Start of Material for the task
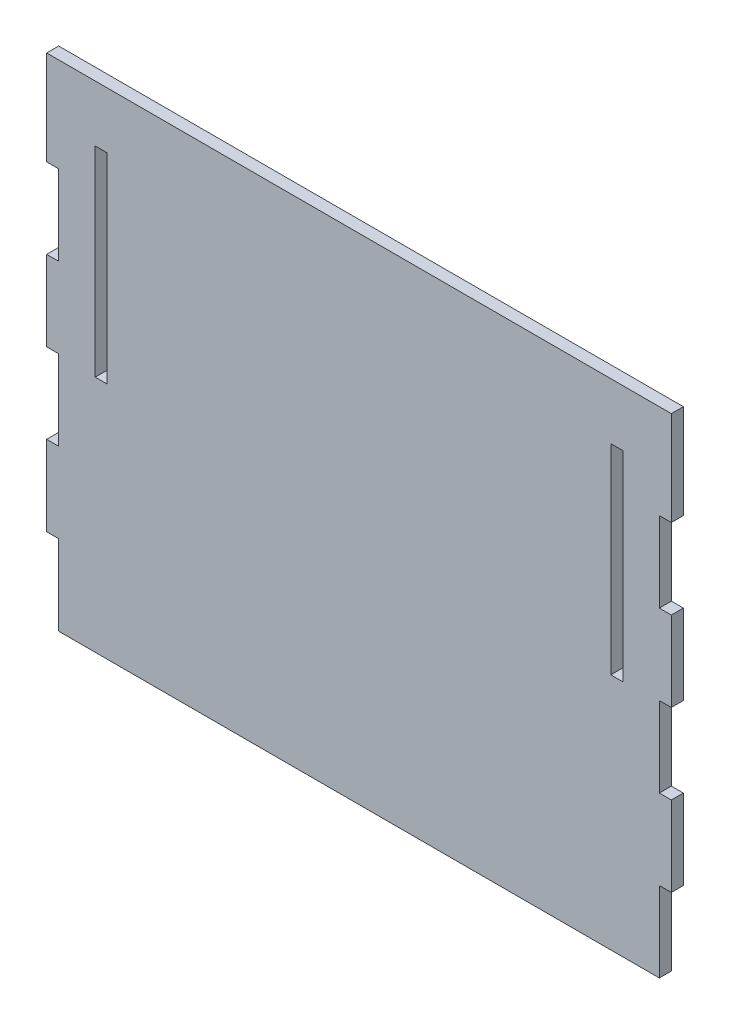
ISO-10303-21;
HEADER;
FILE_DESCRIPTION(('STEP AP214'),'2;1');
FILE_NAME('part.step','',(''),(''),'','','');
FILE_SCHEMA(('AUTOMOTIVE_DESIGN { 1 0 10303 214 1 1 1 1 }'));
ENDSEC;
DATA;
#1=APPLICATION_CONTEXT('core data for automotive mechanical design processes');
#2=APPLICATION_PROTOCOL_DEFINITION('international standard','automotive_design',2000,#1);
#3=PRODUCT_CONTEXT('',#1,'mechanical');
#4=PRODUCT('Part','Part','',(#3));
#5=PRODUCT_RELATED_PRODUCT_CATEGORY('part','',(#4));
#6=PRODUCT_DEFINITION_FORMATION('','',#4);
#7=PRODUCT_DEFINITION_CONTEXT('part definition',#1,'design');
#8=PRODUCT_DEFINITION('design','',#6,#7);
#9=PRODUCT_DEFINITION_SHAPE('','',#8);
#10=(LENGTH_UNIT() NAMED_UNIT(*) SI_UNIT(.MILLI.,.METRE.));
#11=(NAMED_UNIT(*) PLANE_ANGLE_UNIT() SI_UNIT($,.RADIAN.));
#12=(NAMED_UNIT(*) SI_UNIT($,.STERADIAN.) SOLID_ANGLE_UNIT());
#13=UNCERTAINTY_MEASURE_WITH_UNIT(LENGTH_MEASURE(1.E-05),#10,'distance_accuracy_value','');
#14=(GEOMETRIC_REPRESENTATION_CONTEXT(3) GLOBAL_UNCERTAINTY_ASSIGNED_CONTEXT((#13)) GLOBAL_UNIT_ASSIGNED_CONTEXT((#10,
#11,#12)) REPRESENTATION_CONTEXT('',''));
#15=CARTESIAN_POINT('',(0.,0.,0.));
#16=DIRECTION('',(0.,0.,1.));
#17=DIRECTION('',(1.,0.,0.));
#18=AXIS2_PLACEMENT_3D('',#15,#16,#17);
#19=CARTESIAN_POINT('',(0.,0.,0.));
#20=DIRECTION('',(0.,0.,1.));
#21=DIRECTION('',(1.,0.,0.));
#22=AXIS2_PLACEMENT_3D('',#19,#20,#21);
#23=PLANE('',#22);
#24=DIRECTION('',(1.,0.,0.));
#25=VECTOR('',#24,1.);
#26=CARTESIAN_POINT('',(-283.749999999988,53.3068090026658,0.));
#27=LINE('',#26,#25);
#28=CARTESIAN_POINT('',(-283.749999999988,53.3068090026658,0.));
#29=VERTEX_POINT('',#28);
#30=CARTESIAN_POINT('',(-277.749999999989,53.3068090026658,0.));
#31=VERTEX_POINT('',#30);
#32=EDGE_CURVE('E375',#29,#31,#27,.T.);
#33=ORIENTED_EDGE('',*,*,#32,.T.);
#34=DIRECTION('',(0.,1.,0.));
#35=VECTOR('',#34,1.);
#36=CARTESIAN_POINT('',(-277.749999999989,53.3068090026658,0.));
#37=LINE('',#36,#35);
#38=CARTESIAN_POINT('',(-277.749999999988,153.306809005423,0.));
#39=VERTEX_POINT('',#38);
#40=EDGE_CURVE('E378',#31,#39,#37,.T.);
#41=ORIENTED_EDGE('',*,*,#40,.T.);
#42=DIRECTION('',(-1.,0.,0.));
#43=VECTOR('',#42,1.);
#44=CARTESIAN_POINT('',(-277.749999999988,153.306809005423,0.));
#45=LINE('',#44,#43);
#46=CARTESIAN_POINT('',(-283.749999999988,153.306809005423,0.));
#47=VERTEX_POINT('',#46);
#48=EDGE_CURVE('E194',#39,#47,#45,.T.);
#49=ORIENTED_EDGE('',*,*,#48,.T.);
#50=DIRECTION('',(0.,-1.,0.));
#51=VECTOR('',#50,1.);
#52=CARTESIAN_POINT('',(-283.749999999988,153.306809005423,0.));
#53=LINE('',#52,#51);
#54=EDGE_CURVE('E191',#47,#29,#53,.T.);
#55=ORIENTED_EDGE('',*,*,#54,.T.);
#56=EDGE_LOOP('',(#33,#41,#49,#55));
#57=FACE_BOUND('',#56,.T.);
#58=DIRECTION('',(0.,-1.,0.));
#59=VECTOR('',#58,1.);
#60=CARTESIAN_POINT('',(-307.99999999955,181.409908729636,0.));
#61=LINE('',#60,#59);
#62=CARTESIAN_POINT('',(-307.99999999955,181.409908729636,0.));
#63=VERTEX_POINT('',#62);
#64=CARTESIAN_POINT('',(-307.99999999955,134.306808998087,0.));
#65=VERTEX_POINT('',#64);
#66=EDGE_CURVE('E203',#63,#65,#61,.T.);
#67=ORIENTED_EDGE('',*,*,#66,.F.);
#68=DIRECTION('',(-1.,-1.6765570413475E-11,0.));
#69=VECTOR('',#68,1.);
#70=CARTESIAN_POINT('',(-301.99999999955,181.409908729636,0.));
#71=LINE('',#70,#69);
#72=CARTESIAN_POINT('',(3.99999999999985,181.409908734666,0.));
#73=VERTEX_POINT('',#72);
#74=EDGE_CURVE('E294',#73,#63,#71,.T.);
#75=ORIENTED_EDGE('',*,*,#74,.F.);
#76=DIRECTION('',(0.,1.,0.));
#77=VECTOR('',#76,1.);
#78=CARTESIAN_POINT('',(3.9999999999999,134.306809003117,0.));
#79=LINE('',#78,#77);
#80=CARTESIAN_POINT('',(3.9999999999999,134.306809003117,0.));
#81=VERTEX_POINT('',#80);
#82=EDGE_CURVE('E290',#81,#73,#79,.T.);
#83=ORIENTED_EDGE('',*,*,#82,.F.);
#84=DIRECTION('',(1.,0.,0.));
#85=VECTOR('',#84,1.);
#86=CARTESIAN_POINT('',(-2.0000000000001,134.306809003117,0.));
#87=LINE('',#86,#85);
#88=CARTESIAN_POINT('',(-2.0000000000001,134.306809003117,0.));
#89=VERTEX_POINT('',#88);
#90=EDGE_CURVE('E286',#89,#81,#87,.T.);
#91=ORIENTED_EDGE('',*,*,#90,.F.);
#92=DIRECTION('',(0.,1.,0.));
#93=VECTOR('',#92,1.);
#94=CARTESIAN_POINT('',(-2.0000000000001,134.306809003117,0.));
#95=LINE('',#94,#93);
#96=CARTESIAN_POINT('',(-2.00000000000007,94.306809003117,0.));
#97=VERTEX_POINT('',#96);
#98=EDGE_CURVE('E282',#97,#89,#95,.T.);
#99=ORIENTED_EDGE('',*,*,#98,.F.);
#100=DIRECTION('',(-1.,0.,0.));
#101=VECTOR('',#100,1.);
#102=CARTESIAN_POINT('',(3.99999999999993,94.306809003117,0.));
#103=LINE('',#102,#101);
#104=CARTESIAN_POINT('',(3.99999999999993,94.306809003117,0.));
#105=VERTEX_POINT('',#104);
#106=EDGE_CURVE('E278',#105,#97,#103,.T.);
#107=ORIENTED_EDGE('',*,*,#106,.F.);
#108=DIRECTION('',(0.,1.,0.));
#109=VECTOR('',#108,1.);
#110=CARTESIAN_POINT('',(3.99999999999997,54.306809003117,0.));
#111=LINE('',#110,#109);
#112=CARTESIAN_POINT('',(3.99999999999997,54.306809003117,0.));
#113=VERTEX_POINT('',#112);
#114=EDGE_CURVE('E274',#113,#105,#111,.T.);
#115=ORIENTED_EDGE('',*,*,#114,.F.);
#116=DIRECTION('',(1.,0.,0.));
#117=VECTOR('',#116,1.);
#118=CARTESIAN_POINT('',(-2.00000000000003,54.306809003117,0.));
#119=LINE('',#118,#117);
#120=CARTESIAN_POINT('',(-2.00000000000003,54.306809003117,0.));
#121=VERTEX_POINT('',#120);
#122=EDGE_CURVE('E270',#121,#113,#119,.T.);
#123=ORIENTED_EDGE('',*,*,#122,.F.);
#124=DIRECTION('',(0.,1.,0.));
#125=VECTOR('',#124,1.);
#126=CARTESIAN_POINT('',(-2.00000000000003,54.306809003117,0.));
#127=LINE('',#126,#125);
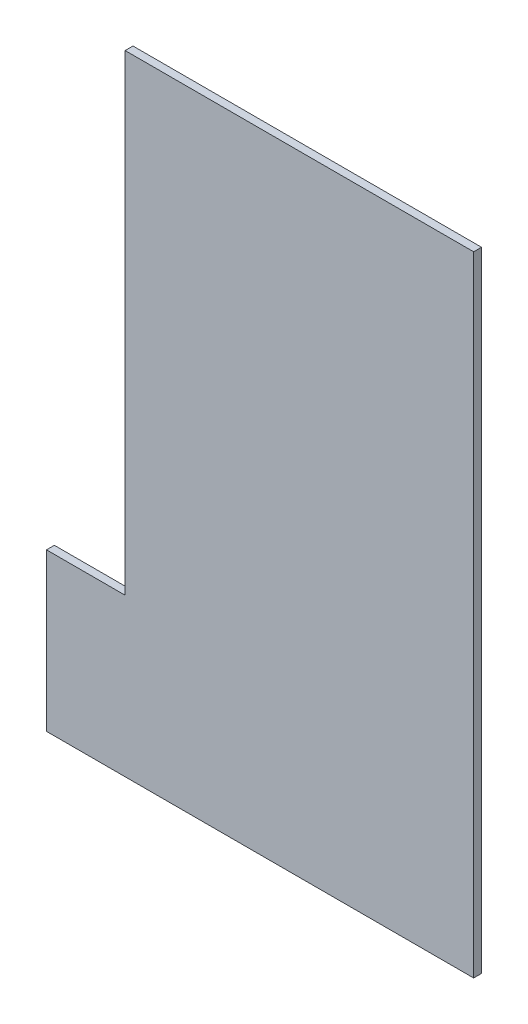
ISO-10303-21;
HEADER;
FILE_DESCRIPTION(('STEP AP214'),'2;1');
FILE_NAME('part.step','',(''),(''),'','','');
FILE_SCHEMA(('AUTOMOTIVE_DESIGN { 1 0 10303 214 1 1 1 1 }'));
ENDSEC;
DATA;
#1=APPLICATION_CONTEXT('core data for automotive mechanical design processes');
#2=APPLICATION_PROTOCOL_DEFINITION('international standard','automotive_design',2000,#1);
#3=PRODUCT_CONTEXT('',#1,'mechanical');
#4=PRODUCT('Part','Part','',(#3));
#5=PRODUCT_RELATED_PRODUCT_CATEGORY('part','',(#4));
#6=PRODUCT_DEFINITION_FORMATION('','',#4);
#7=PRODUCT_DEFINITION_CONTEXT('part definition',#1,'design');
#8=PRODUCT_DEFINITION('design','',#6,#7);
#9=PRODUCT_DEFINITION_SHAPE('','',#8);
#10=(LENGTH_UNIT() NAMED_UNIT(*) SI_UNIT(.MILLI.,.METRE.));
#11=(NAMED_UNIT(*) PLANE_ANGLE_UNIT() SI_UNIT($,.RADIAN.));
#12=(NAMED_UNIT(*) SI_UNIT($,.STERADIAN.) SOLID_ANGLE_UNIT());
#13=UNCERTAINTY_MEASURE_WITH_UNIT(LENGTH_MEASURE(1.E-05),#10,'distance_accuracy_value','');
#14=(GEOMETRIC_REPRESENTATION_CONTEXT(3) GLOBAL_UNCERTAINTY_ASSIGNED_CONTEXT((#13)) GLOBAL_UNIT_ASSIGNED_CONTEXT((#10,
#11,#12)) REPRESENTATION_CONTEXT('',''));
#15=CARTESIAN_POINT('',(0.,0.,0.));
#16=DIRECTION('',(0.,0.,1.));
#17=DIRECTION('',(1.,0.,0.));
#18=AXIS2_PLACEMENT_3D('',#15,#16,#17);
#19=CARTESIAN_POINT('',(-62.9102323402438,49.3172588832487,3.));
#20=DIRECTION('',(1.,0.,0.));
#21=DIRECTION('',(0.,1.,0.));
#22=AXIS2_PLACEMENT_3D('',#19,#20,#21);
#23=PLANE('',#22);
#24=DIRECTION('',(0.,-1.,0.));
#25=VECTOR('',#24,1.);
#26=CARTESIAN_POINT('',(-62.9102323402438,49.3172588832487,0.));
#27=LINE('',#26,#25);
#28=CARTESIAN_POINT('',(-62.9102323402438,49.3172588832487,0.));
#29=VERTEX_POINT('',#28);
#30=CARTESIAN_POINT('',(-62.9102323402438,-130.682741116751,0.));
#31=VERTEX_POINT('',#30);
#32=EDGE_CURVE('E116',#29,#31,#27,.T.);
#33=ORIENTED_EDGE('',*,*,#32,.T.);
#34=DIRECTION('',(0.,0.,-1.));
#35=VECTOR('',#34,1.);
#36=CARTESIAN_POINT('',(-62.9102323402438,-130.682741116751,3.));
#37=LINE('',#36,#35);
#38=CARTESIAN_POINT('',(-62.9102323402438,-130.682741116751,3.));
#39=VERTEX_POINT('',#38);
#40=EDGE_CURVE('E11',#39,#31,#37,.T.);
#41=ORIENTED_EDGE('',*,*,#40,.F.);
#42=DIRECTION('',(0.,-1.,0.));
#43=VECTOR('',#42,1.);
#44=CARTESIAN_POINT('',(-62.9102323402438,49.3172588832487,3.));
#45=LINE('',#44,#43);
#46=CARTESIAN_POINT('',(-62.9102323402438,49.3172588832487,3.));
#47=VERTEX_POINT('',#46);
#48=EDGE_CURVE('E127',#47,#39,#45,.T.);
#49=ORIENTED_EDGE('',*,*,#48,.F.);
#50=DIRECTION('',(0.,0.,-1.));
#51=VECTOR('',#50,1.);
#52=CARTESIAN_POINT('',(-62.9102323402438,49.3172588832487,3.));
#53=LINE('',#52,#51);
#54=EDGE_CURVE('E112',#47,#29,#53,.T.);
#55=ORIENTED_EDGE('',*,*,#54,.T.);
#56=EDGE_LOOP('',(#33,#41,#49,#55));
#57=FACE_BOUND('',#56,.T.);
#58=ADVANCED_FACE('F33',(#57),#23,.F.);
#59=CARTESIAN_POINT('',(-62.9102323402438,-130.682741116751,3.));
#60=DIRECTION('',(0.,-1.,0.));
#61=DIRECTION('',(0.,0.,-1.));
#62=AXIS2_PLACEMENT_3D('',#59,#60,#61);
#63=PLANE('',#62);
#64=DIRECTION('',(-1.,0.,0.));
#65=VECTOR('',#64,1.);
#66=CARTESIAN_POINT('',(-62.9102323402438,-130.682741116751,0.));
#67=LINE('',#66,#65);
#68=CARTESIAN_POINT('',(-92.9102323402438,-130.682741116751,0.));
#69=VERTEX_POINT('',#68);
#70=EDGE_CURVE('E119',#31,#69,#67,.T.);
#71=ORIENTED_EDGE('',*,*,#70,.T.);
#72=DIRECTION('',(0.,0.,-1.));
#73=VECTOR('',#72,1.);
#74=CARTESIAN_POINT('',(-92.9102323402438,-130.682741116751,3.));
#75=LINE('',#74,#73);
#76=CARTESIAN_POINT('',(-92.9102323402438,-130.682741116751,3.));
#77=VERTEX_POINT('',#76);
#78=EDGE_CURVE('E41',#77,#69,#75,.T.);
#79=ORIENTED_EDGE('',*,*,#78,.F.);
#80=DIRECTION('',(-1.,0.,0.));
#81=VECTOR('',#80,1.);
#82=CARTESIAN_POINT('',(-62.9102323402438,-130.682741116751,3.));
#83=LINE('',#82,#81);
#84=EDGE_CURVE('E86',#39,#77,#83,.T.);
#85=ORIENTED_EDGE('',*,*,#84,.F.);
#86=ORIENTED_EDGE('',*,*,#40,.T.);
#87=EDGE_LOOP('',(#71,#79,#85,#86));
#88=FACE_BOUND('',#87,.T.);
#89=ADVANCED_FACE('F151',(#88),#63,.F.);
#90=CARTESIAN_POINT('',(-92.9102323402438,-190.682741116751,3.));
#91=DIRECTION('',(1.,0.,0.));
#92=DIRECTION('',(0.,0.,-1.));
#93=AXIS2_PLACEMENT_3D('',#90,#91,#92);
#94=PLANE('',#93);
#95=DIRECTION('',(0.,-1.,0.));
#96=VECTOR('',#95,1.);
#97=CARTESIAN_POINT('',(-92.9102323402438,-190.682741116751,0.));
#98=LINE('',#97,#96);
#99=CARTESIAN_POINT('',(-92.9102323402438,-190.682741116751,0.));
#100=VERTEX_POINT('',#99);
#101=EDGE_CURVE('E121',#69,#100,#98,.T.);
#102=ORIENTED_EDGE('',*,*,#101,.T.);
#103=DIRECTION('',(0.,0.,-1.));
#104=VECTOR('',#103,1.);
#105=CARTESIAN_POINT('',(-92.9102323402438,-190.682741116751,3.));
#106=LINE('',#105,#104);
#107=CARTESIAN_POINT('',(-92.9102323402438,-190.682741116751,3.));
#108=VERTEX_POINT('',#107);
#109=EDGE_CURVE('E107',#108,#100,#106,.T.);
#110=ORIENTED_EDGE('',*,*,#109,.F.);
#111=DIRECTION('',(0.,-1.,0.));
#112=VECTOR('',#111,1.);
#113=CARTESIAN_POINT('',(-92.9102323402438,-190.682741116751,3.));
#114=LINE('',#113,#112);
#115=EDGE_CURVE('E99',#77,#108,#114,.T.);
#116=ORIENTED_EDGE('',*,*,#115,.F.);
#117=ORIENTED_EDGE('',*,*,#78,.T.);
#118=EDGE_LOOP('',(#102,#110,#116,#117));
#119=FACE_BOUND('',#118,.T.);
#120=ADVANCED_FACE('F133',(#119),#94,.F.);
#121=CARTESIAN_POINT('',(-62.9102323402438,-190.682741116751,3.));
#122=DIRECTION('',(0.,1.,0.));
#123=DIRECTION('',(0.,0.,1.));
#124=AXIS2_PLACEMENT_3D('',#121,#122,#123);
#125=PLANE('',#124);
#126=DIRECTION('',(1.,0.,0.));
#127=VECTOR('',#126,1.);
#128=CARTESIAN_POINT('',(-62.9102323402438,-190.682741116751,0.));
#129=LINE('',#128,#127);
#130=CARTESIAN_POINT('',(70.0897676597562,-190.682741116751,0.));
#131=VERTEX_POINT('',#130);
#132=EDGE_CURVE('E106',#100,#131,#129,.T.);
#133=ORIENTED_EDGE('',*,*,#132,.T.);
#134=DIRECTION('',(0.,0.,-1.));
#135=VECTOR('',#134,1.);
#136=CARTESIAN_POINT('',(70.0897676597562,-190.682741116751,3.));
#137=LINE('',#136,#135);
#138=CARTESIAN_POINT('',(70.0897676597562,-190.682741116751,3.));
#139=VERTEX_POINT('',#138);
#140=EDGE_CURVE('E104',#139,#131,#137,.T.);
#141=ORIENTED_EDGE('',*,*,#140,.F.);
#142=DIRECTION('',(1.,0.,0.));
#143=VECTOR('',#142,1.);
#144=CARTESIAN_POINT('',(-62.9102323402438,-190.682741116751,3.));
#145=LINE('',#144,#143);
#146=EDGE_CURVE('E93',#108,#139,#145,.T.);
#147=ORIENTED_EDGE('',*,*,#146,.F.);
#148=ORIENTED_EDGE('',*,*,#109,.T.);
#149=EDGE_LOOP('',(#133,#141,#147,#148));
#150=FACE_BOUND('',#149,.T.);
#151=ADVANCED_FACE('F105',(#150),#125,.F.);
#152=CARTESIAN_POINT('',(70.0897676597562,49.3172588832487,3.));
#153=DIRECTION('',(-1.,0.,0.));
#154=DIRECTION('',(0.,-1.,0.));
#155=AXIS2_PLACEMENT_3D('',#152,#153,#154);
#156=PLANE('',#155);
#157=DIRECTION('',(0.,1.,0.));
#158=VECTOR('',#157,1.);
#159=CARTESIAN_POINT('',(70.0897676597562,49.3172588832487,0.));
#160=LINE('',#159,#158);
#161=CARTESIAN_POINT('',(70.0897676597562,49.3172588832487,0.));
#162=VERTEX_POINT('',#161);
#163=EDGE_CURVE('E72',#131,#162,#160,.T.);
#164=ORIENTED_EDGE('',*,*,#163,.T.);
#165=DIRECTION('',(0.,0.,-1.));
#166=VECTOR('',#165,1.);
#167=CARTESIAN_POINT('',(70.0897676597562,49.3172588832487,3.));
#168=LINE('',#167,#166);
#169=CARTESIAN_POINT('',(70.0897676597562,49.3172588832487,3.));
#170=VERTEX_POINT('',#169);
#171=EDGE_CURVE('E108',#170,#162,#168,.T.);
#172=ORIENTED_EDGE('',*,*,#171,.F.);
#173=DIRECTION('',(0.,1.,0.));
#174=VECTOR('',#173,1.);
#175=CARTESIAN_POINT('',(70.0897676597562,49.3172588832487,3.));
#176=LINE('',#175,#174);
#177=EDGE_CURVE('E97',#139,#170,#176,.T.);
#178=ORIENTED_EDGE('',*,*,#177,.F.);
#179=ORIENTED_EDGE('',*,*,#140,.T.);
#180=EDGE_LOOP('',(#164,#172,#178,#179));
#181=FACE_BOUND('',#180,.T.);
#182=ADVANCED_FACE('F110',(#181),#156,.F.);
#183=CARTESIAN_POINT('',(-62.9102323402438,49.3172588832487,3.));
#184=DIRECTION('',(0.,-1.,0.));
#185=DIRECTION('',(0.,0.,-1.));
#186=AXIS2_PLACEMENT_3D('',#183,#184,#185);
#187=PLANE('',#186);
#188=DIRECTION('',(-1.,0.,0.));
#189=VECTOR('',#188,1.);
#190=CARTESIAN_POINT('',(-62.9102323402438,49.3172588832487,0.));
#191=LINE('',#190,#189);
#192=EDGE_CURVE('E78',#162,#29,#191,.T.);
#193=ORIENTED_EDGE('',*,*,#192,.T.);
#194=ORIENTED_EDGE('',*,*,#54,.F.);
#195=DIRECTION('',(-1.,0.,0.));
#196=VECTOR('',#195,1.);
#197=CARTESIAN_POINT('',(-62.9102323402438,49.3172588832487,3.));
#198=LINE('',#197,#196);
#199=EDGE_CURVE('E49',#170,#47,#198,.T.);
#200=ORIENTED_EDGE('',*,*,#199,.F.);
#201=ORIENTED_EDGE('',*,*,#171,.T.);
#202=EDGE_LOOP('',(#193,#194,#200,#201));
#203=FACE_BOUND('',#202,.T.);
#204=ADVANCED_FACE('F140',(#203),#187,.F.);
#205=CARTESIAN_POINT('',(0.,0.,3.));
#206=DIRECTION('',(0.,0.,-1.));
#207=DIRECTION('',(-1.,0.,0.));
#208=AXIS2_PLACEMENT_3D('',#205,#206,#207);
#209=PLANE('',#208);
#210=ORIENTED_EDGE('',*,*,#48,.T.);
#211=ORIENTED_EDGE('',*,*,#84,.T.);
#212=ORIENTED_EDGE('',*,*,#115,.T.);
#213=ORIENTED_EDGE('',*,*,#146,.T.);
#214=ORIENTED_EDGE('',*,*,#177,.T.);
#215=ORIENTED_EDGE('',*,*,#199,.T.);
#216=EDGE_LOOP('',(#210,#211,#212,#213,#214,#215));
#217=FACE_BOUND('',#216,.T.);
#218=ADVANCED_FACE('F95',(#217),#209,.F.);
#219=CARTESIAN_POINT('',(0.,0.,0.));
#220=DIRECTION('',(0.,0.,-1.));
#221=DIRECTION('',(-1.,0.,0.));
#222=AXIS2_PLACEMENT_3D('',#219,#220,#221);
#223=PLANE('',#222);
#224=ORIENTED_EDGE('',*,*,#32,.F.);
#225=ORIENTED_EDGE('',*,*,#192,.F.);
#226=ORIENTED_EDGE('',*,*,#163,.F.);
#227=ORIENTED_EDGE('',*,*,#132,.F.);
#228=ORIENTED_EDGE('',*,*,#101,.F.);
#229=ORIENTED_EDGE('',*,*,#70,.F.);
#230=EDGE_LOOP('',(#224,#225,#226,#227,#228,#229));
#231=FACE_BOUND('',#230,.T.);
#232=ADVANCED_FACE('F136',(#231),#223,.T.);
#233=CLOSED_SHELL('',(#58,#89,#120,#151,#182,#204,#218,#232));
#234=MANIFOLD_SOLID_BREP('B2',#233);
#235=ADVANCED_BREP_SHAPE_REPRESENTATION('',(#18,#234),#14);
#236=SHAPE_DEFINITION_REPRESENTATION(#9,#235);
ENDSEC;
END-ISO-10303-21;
End of Material for the task
• [What you need to do]:
Only the lines from the one containing "#167=CARTESIAN_POINT('',(70.0897676597562,49.3172588832487,3.));" through the one containing "#189=VECTOR('',#188,1.);" are to be retyped, both boundary lines included, with no other material.

• [Result for this task]:
#167=CARTESIAN_POINT('',(70.0897676597562,49.3172588832487,3.));
#168=LINE('',#167,#166);
#169=CARTESIAN_POINT('',(70.0897676597562,49.3172588832487,3.));
#170=VERTEX_POINT('',#169);
#171=EDGE_CURVE('E108',#170,#162,#168,.T.);
#172=ORIENTED_EDGE('',*,*,#171,.F.);
#173=DIRECTION('',(0.,1.,0.));
#174=VECTOR('',#173,1.);
#175=CARTESIAN_POINT('',(70.0897676597562,49.3172588832487,3.));
#176=LINE('',#175,#174);
#177=EDGE_CURVE('E97',#139,#170,#176,.T.);
#178=ORIENTED_EDGE('',*,*,#177,.F.);
#179=ORIENTED_EDGE('',*,*,#140,.T.);
#180=EDGE_LOOP('',(#164,#172,#178,#179));
#181=FACE_BOUND('',#180,.T.);
#182=ADVANCED_FACE('F110',(#181),#156,.F.);
#183=CARTESIAN_POINT('',(-62.9102323402438,49.3172588832487,3.));
#184=DIRECTION('',(0.,-1.,0.));
#185=DIRECTION('',(0.,0.,-1.));
#186=AXIS2_PLACEMENT_3D('',#183,#184,#185);
#187=PLANE('',#186);
#188=DIRECTION('',(-1.,0.,0.));
#189=VECTOR('',#188,1.);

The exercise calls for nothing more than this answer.